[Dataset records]

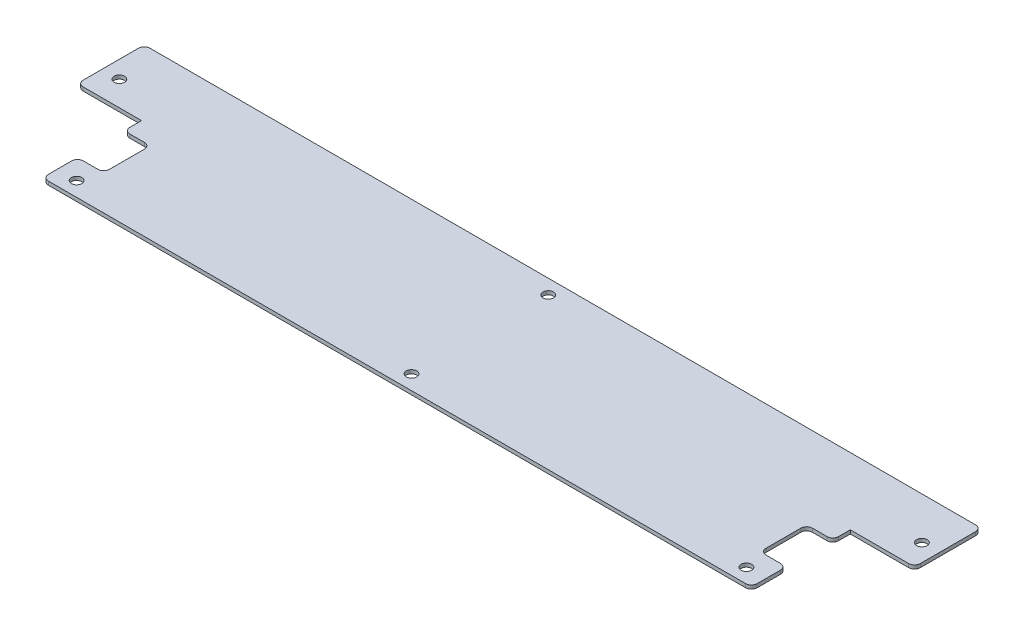
from build123d import *

# Parameters (mm, degrees)
SKETCH1_R           = 2.286
BOSS_EXTRUDE1_DEPTH = 1.5875
FILLET1_R           = 2.54
SKETCH2_W           = 11.43
SKETCH2_H           = 20.32
CUT_EXTRUDE1_DEPTH  = 2.54
FILLET2_R           = 2.54


with BuildPart() as part:
    # Sketch1 → Boss-Extrude1 (new body)
    with BuildSketch(Plane(origin=(0, 0, 0), x_dir=(1, 0, 0), z_dir=(0, 1, 0))):
        Polygon((-154.686, -36.195), (-154.686, 6.985), (-182.708271591, 6.985), (-182.708271591, 36.195), (182.708271591, 36.195), (182.708271591, 6.985), (154.686, 6.985), (154.686, -36.195), align=None)
        with Locations((175.1457, 17.78)):
            Circle(SKETCH1_R, mode=Mode.SUBTRACT)
        with Locations((0, 29.845)):
            Circle(SKETCH1_R, mode=Mode.SUBTRACT)
        with Locations((146.177, -29.845)):
            Circle(SKETCH1_R, mode=Mode.SUBTRACT)
        with Locations((-175.1457, 17.78)):
            Circle(SKETCH1_R, mode=Mode.SUBTRACT)
        with Locations((0, -29.845)):
            Circle(SKETCH1_R, mode=Mode.SUBTRACT)
        with Locations((-146.177, -29.845)):
            Circle(SKETCH1_R, mode=Mode.SUBTRACT)
    extrude(amount=BOSS_EXTRUDE1_DEPTH)

    # Fillet1
    fillet1_edges = [part.edges().sort_by_distance(p)[0] for p in [
        (182.708271591, 0.79375, -6.985),
        (182.708271591, 0.79375, -36.195),
        (154.686, 0.79375, 36.195),
        (-154.686, 0.79375, 36.195),
        (-182.708271591, 0.79375, -36.195),
        (-182.708271591, 0.79375, -6.985),
    ]]
    fillet(fillet1_edges, radius=FILLET1_R)

    # Sketch2 → Cut-Extrude1 (cut)
    with BuildSketch(Plane(origin=(0, 1.5875, 0), x_dir=(1, 0, 0), z_dir=(0, 1, 0))):
        with Locations((-148.971, -10.795)):
            Rectangle(SKETCH2_W, SKETCH2_H)
        with Locations((148.971, -10.795)):
            Rectangle(SKETCH2_W, SKETCH2_H)
    extrude(amount=-CUT_EXTRUDE1_DEPTH, mode=Mode.SUBTRACT)

    # Fillet2
    fillet2_edges = [part.edges().sort_by_distance(p)[0] for p in [
        (154.686, 0.79375, 20.955),
        (143.256, 0.79375, 20.955),
        (143.256, 0.79375, 0.635),
        (154.686, 0.79375, 0.635),
        (-154.686, 0.79375, 20.955),
        (-143.256, 0.79375, 20.955),
        (-143.256, 0.79375, 0.635),
        (-154.686, 0.79375, 0.635),
    ]]
    fillet(fillet2_edges, radius=FILLET2_R)


solid = part.part

**What the exercise asks:** When you reproduce the data shown above, keep each line exact and omit every picture.

**Solution:**
from build123d import *

# Parameters (mm, degrees)
SKETCH1_R           = 2.286
BOSS_EXTRUDE1_DEPTH = 1.5875
FILLET1_R           = 2.54
SKETCH2_W           = 11.43
SKETCH2_H           = 20.32
CUT_EXTRUDE1_DEPTH  = 2.54
FILLET2_R           = 2.54


with BuildPart() as part:
    # Sketch1 → Boss-Extrude1 (new body)
    with BuildSketch(Plane(origin=(0, 0, 0), x_dir=(1, 0, 0), z_dir=(0, 1, 0))):
        Polygon((-154.686, -36.195), (-154.686, 6.985), (-182.708271591, 6.985), (-182.708271591, 36.195), (182.708271591, 36.195), (182.708271591, 6.985), (154.686, 6.985), (154.686, -36.195), align=None)
        with Locations((175.1457, 17.78)):
            Circle(SKETCH1_R, mode=Mode.SUBTRACT)
        with Locations((0, 29.845)):
            Circle(SKETCH1_R, mode=Mode.SUBTRACT)
        with Locations((146.177, -29.845)):
            Circle(SKETCH1_R, mode=Mode.SUBTRACT)
        with Locations((-175.1457, 17.78)):
            Circle(SKETCH1_R, mode=Mode.SUBTRACT)
        with Locations((0, -29.845)):
            Circle(SKETCH1_R, mode=Mode.SUBTRACT)
        with Locations((-146.177, -29.845)):
            Circle(SKETCH1_R, mode=Mode.SUBTRACT)
    extrude(amount=BOSS_EXTRUDE1_DEPTH)

    # Fillet1
    fillet1_edges = [part.edges().sort_by_distance(p)[0] for p in [
        (182.708271591, 0.79375, -6.985),
        (182.708271591, 0.79375, -36.195),
        (154.686, 0.79375, 36.195),
        (-154.686, 0.79375, 36.195),
        (-182.708271591, 0.79375, -36.195),
        (-182.708271591, 0.79375, -6.985),
    ]]
    fillet(fillet1_edges, radius=FILLET1_R)

    # Sketch2 → Cut-Extrude1 (cut)
    with BuildSketch(Plane(origin=(0, 1.5875, 0), x_dir=(1, 0, 0), z_dir=(0, 1, 0))):
        with Locations((-148.971, -10.795)):
            Rectangle(SKETCH2_W, SKETCH2_H)
        with Locations((148.971, -10.795)):
            Rectangle(SKETCH2_W, SKETCH2_H)
    extrude(amount=-CUT_EXTRUDE1_DEPTH, mode=Mode.SUBTRACT)

    # Fillet2
    fillet2_edges = [part.edges().sort_by_distance(p)[0] for p in [
        (154.686, 0.79375, 20.955),
        (143.256, 0.79375, 20.955),
        (143.256, 0.79375, 0.635),
        (154.686, 0.79375, 0.635),
        (-154.686, 0.79375, 20.955),
        (-143.256, 0.79375, 20.955),
        (-143.256, 0.79375, 0.635),
        (-154.686, 0.79375, 0.635),
    ]]
    fillet(fillet2_edges, radius=FILLET2_R)


solid = part.part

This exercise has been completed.